Your task: Scan the listing below. Report each line that includes "drawing".

──────────────────────────────

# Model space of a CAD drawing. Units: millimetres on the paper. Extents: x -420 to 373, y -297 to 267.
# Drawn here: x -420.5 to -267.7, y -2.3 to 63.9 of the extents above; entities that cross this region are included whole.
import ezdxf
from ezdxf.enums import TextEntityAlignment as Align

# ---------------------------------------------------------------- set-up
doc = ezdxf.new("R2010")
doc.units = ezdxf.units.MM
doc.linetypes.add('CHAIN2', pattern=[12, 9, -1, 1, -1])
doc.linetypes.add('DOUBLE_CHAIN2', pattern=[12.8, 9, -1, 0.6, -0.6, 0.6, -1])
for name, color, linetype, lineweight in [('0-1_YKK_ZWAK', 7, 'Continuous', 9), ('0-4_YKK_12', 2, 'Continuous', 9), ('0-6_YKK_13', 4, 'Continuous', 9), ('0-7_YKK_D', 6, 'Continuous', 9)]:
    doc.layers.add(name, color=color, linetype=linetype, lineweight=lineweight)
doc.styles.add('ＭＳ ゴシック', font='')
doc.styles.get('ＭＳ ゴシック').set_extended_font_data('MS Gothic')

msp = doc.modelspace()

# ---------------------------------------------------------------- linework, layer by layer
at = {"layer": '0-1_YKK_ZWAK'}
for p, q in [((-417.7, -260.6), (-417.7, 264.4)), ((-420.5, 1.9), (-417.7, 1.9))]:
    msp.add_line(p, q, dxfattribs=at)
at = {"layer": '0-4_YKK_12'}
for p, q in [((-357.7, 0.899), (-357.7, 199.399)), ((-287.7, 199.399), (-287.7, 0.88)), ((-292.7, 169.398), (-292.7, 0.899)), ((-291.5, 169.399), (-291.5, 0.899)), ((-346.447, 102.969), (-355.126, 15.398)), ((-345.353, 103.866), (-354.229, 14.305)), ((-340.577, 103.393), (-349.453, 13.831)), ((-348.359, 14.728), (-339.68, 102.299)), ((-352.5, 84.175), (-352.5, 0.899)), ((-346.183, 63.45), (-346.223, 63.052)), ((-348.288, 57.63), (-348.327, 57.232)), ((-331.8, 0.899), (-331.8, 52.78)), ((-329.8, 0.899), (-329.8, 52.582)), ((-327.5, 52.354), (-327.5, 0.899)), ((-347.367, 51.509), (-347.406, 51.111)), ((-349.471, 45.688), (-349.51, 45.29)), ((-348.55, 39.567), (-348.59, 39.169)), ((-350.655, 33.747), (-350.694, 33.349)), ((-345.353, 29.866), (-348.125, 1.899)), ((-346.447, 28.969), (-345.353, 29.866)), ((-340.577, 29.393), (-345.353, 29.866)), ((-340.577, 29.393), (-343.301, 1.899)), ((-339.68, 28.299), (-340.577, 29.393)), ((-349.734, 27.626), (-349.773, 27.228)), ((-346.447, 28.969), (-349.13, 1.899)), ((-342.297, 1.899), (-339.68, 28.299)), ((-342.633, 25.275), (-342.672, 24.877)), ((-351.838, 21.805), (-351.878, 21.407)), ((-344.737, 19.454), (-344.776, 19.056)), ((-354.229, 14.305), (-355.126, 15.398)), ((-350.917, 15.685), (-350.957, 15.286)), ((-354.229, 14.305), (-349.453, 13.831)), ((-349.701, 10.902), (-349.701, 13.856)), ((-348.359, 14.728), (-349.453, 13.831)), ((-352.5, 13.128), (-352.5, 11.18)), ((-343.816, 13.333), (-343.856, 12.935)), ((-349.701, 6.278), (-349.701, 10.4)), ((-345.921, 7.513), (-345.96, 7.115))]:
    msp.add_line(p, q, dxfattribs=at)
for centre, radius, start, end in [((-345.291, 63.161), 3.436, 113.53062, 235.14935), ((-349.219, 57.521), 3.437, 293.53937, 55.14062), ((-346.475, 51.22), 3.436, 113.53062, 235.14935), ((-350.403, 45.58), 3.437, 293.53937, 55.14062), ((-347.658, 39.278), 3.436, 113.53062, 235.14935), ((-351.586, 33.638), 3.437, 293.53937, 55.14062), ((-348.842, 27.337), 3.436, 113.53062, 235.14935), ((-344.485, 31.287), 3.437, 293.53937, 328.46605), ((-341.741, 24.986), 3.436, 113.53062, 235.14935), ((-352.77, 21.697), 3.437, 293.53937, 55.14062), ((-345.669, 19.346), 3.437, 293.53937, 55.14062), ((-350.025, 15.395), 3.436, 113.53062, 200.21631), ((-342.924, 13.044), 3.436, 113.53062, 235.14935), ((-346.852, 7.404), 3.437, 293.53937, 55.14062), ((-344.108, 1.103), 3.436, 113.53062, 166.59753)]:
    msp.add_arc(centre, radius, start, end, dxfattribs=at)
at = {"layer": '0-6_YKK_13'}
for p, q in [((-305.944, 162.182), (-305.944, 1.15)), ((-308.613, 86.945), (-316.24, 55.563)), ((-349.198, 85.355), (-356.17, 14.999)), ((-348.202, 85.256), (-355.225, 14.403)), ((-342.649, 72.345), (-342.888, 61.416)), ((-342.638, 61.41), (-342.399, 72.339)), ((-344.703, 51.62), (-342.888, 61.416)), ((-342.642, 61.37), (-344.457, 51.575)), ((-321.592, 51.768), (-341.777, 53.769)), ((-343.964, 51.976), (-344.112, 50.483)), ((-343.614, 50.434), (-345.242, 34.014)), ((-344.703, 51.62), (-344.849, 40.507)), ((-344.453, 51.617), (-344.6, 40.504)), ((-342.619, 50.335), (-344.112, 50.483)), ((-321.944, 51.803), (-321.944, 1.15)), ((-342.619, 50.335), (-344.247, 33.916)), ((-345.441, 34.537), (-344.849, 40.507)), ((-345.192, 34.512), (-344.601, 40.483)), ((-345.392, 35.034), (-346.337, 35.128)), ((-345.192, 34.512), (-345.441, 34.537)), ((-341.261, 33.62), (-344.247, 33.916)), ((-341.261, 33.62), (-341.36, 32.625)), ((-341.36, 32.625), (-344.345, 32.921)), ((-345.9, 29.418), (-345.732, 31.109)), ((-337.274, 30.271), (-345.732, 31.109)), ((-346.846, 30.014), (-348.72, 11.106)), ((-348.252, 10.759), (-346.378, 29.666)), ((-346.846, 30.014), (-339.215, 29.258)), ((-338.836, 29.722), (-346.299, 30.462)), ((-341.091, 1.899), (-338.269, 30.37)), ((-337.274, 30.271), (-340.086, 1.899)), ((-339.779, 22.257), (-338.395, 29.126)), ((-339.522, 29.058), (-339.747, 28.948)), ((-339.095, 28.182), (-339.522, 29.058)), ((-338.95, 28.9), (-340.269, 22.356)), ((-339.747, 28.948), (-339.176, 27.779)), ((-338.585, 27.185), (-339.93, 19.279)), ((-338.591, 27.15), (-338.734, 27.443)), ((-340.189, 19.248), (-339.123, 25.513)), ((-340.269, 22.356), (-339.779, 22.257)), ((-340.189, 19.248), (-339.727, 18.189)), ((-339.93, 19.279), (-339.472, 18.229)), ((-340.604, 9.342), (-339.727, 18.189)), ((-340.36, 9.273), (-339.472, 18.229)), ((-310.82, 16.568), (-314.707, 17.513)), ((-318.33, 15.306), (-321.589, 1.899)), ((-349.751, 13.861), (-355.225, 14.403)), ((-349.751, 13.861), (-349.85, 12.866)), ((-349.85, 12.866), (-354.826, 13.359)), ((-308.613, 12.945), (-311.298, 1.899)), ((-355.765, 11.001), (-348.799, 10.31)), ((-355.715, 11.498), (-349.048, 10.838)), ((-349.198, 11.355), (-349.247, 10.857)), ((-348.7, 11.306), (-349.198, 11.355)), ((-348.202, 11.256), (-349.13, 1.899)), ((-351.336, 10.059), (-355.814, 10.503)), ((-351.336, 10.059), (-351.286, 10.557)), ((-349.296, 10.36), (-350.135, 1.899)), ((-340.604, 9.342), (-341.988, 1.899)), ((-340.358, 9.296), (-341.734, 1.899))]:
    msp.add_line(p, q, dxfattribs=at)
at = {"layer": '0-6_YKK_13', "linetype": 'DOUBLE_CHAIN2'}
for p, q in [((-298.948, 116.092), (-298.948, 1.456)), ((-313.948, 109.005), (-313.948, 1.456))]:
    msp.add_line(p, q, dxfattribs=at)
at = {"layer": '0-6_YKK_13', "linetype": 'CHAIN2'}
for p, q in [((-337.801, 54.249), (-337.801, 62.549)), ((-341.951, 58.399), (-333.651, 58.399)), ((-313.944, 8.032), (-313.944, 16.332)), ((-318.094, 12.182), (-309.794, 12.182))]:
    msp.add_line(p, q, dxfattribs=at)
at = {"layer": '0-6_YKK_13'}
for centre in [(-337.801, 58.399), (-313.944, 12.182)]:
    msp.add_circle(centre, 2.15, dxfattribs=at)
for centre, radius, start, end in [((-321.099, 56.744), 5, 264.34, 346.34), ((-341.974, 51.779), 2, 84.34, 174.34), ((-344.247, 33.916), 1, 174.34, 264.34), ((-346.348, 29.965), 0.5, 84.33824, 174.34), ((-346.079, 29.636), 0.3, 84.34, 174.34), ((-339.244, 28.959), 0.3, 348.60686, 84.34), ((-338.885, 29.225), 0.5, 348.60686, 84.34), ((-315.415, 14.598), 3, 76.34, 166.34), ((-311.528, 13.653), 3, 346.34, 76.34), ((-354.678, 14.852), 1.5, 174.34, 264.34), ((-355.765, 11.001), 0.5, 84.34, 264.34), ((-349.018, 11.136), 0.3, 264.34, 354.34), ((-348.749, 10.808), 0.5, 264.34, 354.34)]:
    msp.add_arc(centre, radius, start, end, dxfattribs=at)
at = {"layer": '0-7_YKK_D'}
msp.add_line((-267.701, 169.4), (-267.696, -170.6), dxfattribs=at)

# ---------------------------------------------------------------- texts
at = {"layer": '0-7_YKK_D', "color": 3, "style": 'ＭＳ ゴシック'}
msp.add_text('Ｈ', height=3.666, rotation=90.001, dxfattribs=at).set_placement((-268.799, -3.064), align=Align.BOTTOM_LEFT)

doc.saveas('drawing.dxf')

──────────────────────────────

Solution to the exercise:
# Model space of a CAD drawing. Units: millimetres on the paper. Extents: x -420 to 373, y -297 to 267.
doc.saveas('drawing.dxf')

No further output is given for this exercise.